Pull every line with "lineweight" from the entries below.

### DATA
+++
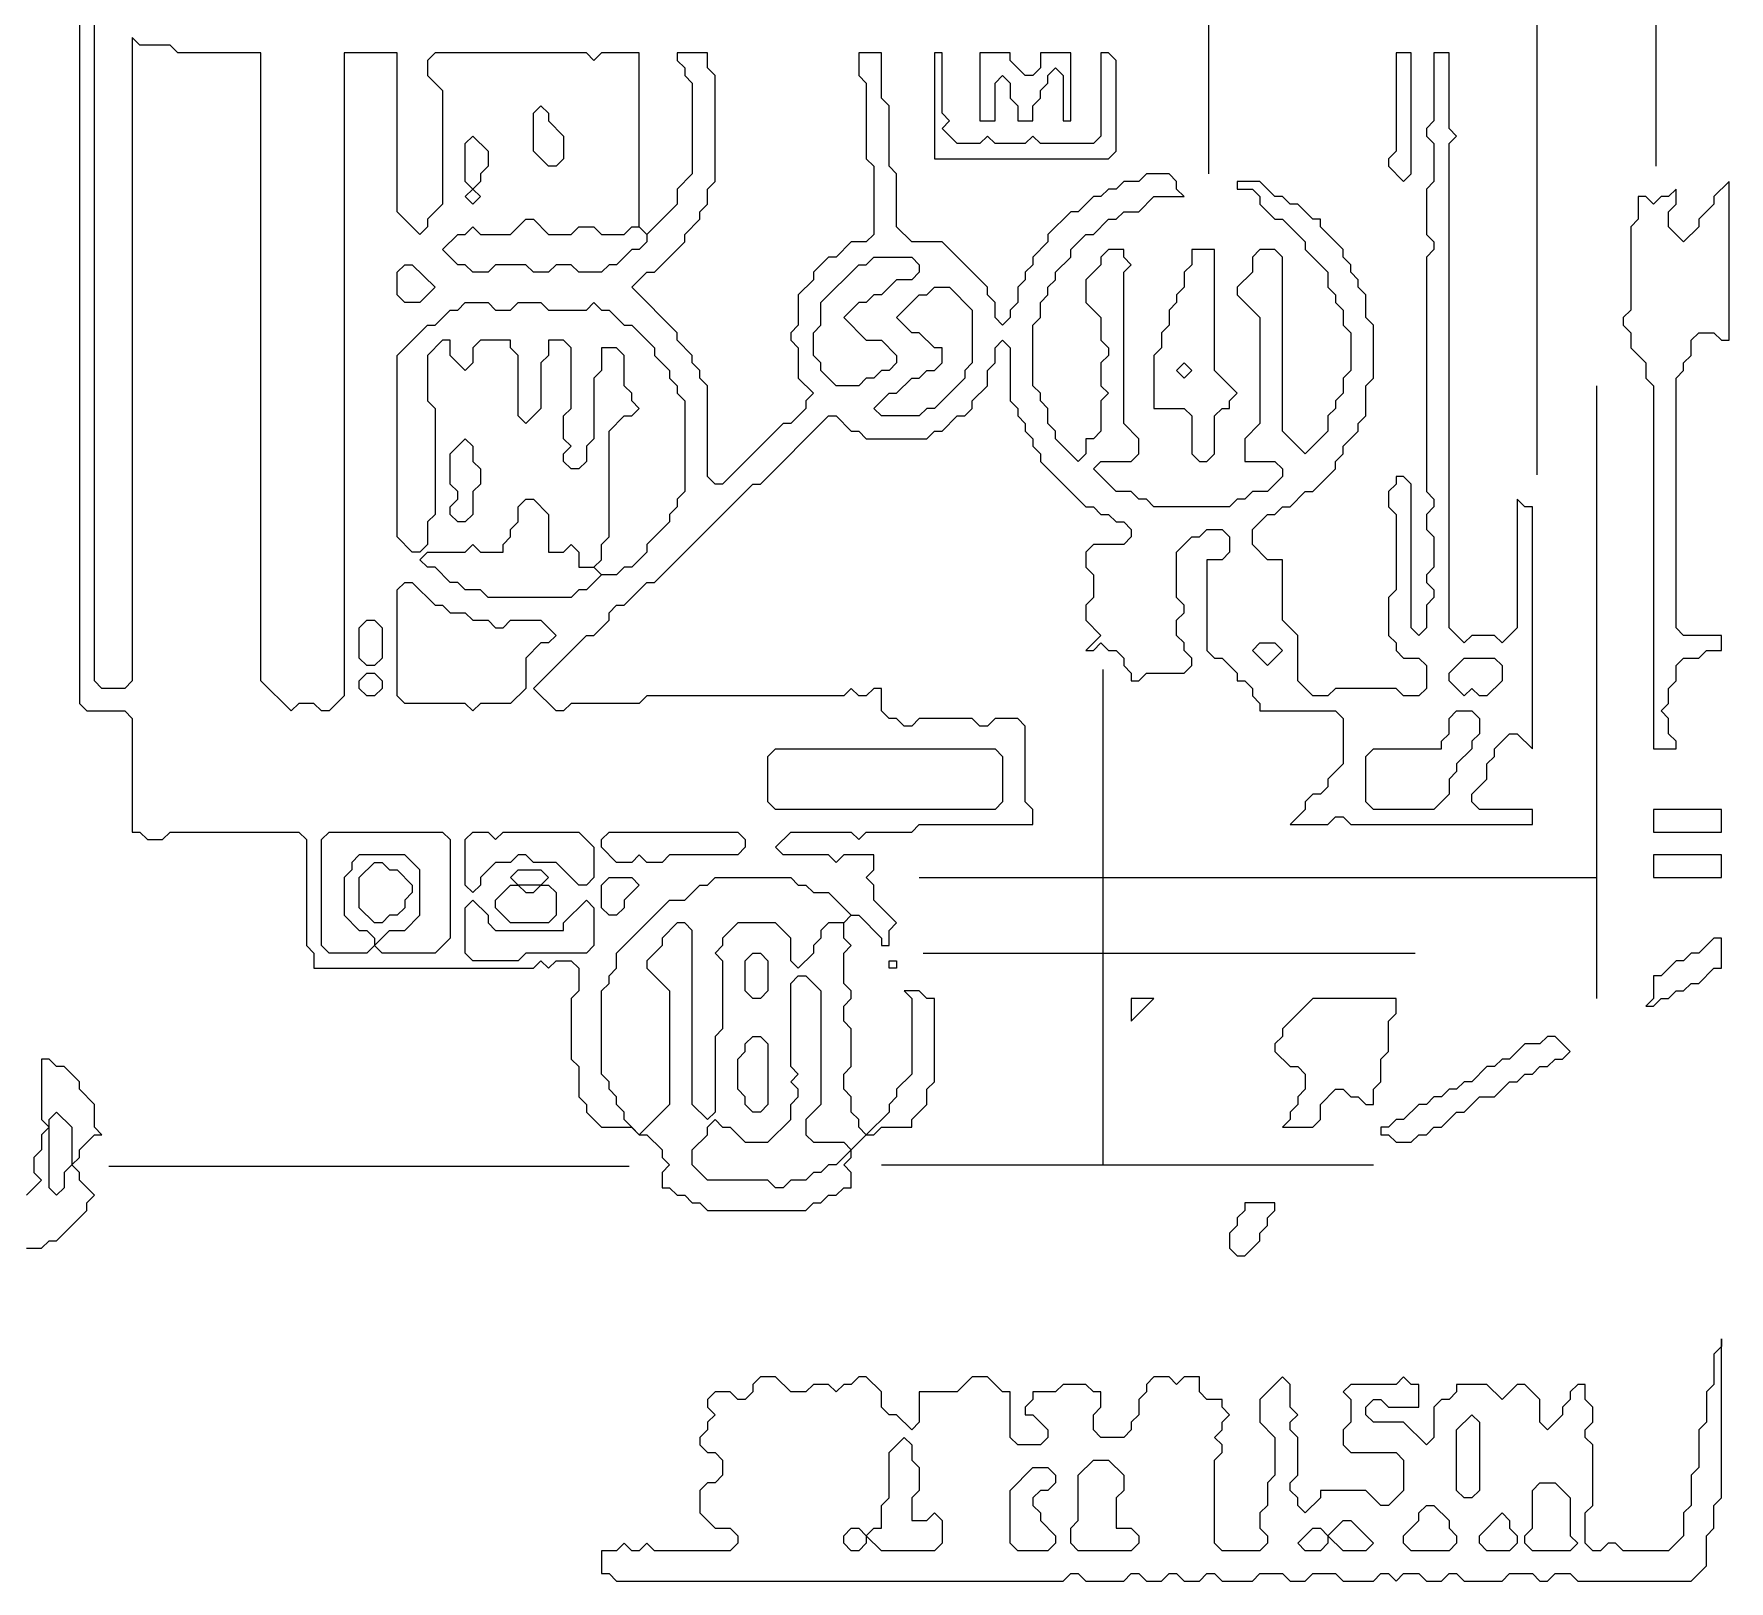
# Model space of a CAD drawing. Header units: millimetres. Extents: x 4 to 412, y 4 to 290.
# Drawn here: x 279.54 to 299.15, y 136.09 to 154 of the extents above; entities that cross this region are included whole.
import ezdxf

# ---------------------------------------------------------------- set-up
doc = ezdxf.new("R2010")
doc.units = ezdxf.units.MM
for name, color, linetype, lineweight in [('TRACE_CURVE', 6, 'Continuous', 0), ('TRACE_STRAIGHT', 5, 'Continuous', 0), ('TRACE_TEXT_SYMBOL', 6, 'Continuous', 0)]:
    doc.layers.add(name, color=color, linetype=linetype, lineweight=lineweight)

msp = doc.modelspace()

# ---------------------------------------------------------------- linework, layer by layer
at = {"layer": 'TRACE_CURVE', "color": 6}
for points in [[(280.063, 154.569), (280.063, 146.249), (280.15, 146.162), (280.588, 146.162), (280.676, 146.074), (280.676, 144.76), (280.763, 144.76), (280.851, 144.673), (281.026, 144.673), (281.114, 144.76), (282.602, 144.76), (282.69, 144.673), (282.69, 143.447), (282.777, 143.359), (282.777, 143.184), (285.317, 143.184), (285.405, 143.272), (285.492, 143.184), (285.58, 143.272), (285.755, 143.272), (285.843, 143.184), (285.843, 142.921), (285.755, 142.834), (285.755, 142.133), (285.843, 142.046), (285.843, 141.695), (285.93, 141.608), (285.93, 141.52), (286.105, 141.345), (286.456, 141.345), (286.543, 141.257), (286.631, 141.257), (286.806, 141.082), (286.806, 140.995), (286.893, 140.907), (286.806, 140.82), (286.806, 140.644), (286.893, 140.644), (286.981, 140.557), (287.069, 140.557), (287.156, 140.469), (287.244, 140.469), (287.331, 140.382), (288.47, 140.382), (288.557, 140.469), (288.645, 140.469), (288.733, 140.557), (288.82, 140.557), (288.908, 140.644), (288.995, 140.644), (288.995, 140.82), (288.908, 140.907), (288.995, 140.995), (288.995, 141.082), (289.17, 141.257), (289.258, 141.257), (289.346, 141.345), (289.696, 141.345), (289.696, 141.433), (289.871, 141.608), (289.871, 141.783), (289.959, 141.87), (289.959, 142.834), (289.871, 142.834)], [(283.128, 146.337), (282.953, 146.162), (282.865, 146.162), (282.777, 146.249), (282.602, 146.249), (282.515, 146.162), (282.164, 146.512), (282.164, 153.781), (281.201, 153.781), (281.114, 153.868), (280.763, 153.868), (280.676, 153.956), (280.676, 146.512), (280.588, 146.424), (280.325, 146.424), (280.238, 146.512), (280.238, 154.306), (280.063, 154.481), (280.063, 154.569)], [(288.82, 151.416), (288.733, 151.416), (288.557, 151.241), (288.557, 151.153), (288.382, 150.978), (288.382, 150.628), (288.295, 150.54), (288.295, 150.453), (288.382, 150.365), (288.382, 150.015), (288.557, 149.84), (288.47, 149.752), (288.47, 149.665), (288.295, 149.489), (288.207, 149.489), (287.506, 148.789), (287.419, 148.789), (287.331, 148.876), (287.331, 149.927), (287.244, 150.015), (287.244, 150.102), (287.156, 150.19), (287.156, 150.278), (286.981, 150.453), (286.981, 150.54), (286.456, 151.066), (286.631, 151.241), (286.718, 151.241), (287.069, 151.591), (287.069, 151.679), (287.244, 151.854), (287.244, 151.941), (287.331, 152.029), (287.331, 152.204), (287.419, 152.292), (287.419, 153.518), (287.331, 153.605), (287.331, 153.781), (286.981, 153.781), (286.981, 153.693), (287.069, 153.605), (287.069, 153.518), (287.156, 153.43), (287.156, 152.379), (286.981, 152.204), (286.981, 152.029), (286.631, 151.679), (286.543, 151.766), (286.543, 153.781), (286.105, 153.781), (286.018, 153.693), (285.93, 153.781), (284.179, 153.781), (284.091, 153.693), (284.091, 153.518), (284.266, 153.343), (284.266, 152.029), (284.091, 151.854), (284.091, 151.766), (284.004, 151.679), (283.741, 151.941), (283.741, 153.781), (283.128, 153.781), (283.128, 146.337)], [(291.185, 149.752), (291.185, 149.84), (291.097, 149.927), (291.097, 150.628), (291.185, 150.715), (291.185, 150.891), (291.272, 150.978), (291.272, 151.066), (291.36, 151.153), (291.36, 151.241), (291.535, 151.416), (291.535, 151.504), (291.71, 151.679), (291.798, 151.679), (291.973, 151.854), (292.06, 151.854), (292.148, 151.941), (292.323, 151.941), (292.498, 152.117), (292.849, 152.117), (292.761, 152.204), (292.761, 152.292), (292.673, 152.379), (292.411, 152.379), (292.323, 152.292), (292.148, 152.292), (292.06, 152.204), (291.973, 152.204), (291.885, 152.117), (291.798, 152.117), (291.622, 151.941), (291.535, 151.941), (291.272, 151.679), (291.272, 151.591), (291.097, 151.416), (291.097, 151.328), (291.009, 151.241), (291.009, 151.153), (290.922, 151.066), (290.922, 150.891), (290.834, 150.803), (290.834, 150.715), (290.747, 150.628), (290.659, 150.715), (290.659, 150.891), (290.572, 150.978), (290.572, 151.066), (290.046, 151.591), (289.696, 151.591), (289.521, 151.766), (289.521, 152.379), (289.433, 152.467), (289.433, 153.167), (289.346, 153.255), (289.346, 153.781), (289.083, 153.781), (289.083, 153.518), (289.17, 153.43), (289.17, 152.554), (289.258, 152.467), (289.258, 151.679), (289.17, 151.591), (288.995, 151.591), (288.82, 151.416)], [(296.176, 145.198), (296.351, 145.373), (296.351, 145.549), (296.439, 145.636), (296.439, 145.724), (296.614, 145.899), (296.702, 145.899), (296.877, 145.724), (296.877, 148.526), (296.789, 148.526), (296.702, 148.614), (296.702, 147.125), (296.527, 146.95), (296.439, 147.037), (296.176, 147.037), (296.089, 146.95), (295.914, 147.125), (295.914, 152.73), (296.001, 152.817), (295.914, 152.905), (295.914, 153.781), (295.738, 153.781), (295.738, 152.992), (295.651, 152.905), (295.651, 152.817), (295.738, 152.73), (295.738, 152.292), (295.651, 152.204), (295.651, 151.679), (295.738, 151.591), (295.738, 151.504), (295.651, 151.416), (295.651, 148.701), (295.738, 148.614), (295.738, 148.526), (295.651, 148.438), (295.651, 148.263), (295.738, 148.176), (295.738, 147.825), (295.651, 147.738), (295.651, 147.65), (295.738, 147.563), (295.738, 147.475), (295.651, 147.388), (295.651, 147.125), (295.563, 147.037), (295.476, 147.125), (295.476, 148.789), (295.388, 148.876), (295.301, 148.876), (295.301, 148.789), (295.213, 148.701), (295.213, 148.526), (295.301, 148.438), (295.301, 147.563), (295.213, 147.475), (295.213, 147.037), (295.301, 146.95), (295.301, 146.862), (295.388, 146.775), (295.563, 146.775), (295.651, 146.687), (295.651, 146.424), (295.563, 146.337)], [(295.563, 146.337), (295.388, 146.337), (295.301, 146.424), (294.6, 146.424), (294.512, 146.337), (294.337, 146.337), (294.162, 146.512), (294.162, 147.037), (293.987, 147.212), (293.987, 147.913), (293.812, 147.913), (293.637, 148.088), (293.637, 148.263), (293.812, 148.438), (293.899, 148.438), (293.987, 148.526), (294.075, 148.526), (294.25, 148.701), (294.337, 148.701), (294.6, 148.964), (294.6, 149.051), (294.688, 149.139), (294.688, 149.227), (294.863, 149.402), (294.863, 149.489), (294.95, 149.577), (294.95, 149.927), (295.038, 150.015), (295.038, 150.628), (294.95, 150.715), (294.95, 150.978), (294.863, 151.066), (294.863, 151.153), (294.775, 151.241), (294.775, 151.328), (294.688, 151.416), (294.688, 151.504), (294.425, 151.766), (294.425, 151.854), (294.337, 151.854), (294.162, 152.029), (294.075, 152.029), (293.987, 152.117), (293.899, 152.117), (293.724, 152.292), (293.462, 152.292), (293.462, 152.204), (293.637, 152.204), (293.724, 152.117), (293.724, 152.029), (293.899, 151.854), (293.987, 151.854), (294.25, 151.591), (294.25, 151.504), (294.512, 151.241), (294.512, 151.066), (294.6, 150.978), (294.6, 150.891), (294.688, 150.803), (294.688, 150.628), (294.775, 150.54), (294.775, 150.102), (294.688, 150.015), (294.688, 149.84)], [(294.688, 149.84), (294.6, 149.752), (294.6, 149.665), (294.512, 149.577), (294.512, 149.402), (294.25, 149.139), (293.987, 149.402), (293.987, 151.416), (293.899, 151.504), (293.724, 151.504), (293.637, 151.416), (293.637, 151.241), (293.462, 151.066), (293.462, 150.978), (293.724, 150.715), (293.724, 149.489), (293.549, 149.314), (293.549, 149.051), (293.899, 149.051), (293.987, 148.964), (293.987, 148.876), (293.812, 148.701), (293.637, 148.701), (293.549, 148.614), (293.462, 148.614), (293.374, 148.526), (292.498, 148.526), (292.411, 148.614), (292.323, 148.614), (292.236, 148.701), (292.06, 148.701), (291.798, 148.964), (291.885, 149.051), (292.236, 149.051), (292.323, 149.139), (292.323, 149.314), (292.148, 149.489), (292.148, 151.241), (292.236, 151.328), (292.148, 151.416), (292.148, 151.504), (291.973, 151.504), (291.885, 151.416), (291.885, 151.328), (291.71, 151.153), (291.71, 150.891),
+++
### RESPONSE BOX
for name, color, linetype, lineweight in [('TRACE_CURVE', 6, 'Continuous', 0), ('TRACE_STRAIGHT', 5, 'Continuous', 0), ('TRACE_TEXT_SYMBOL', 6, 'Continuous', 0)]:
    doc.layers.add(name, color=color, linetype=linetype, lineweight=lineweight)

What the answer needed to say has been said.